**What this task involves**
Look through the listing below, and wherever a line has the string "fillet", pull it out.

**Source data**
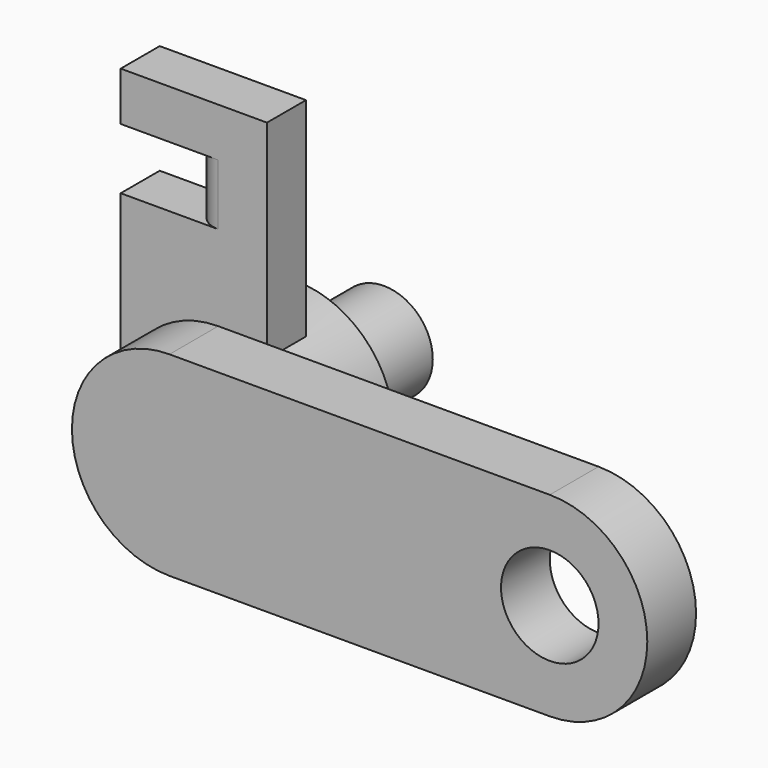
from build123d import *

# Parameters (mm, degrees)
F0_R     = 2
F1_DEPTH = 2.5
F2_DEPTH = 4
F3_DEPTH = 8.5
F4_DEPTH = 2
F5_R     = 0.99999


# Not quite as in the source:
# - a fillet or chamfer is up to 0.001 mm smaller than in the source, because OpenCascade refuses the exact size


with BuildPart() as f1:
    # F0 (on Front) → F1 (new body)
    with BuildSketch(Plane.XZ):
        with BuildLine():
            Line((2, 3.4641016151), (2, 0))
            ThreePointArc((2, 0), (0, -2), (-2, 0))
            Line((-2, 0), (-4, 0))
            ThreePointArc((-4, 0), (-2.8284271247, -2.8284271247), (0, -4))
            ThreePointArc((0, -4), (2.8284271247, -2.8284271247), (4, 0))
            ThreePointArc((4, 0), (3.4641016151, 2), (2, 3.4641016151))
        make_face()
        with BuildLine():
            ThreePointArc((0, 4), (1.0352761804, 3.8637033052), (2, 3.4641016151))
            Line((2, 3.4641016151), (2, 4))
            Line((2, 4), (0, 4))
        make_face()
        with BuildLine():
            Line((2, 4), (2, 3.4641016151))
            ThreePointArc((2, 3.4641016151), (3.4641016151, 2), (4, 0))
            ThreePointArc((4, 0), (2.8284271247, -2.8284271247), (0, -4))
            Line((0, -4), (15.6, -4))
            ThreePointArc((15.6, -4), (19.6, 0), (15.6, 4))
            Line((15.6, 4), (2, 4))
        make_face()
        with Locations((15.6, 0)):
            Circle(F0_R, mode=Mode.SUBTRACT)
        with BuildLine():
            ThreePointArc((-2, 0), (0, 2), (2, 0))
            Line((2, 0), (2, 3.4641016151))
            ThreePointArc((2, 3.4641016151), (1.0352761804, 3.8637033052), (0, 4))
            ThreePointArc((0, 4), (-2.8284271247, 2.8284271247), (-4, 0))
            Line((-4, 0), (-2, 0))
        make_face()
        with BuildLine():
            ThreePointArc((-2, 0), (0, -2), (2, 0))
            Line((2, 0), (-2, 0))
        make_face()
        with BuildLine():
            Line((-2, 0), (2, 0))
            ThreePointArc((2, 0), (0, 2), (-2, 0))
        make_face()
    extrude(amount=F1_DEPTH)

    # F0 (on Front) → F2 (join)
    with BuildSketch(Plane.XZ):
        with BuildLine():
            ThreePointArc((-2, 0), (0, 2), (2, 0))
            Line((2, 0), (2, 3.4641016151))
            ThreePointArc((2, 3.4641016151), (1.0352761804, 3.8637033052), (0, 4))
            ThreePointArc((0, 4), (-2.8284271247, 2.8284271247), (-4, 0))
            Line((-4, 0), (-2, 0))
        make_face()
        with BuildLine():
            Line((2, 3.4641016151), (2, 0))
            ThreePointArc((2, 0), (0, -2), (-2, 0))
            Line((-2, 0), (-4, 0))
            ThreePointArc((-4, 0), (-2.8284271247, -2.8284271247), (0, -4))
            ThreePointArc((0, -4), (2.8284271247, -2.8284271247), (4, 0))
            ThreePointArc((4, 0), (3.4641016151, 2), (2, 3.4641016151))
        make_face()
    extrude(amount=-F2_DEPTH)

    # F0 (on Front) → F3 (join)
    with BuildSketch(Plane.XZ):
        with BuildLine():
            ThreePointArc((-2, 0), (0, -2), (2, 0))
            Line((2, 0), (-2, 0))
        make_face()
        with BuildLine():
            Line((-2, 0), (2, 0))
            ThreePointArc((2, 0), (0, 2), (-2, 0))
        make_face()
    extrude(amount=-F3_DEPTH)

    # F0 (on Front) → F4 (join)
    with BuildSketch(Plane.XZ):
        with BuildLine():
            Line((-4, 7.5), (-4, 0))
            ThreePointArc((-4, 0), (-2.8284271247, 2.8284271247), (0, 4))
            Line((0, 4), (2, 4))
            Line((2, 4), (2, 12))
            Line((2, 12), (-4, 12))
            Line((-4, 12), (-4, 10))
            Line((-4, 10), (-1, 10))
            Line((-1, 10), (-1, 7.5))
            Line((-1, 7.5), (-4, 7.5))
        make_face()
        with BuildLine():
            ThreePointArc((0, 4), (1.0352761804, 3.8637033052), (2, 3.4641016151))
            Line((2, 3.4641016151), (2, 4))
            Line((2, 4), (0, 4))
        make_face()
        with BuildLine():
            ThreePointArc((-2, 0), (0, 2), (2, 0))
            Line((2, 0), (2, 3.4641016151))
            ThreePointArc((2, 3.4641016151), (1.0352761804, 3.8637033052), (0, 4))
            ThreePointArc((0, 4), (-2.8284271247, 2.8284271247), (-4, 0))
            Line((-4, 0), (-2, 0))
        make_face()
        with BuildLine():
            ThreePointArc((-2, 0), (0, -2), (2, 0))
            Line((2, 0), (-2, 0))
        make_face()
        with BuildLine():
            Line((-2, 0), (2, 0))
            ThreePointArc((2, 0), (0, 2), (-2, 0))
        make_face()
        with BuildLine():
            Line((2, 3.4641016151), (2, 0))
            ThreePointArc((2, 0), (0, -2), (-2, 0))
            Line((-2, 0), (-4, 0))
            ThreePointArc((-4, 0), (-2.8284271247, -2.8284271247), (0, -4))
            ThreePointArc((0, -4), (2.8284271247, -2.8284271247), (4, 0))
            ThreePointArc((4, 0), (3.4641016151, 2), (2, 3.4641016151))
        make_face()
    extrude(amount=-F4_DEPTH)

    # F5 (radius 1 in the source; OpenCascade refuses exactly that, so slightly less here)
    f5_edges = [f1.edges().sort_by_distance(p)[0] for p in [
        (-1, 0, 8.75),
        (-1, 2, 8.75),
    ]]
    fillet(f5_edges, radius=F5_R)


solid = f1.part

**Your solution**
# - a fillet or chamfer is up to 0.001 mm smaller than in the source, because OpenCascade refuses the exact size
    fillet(f5_edges, radius=F5_R)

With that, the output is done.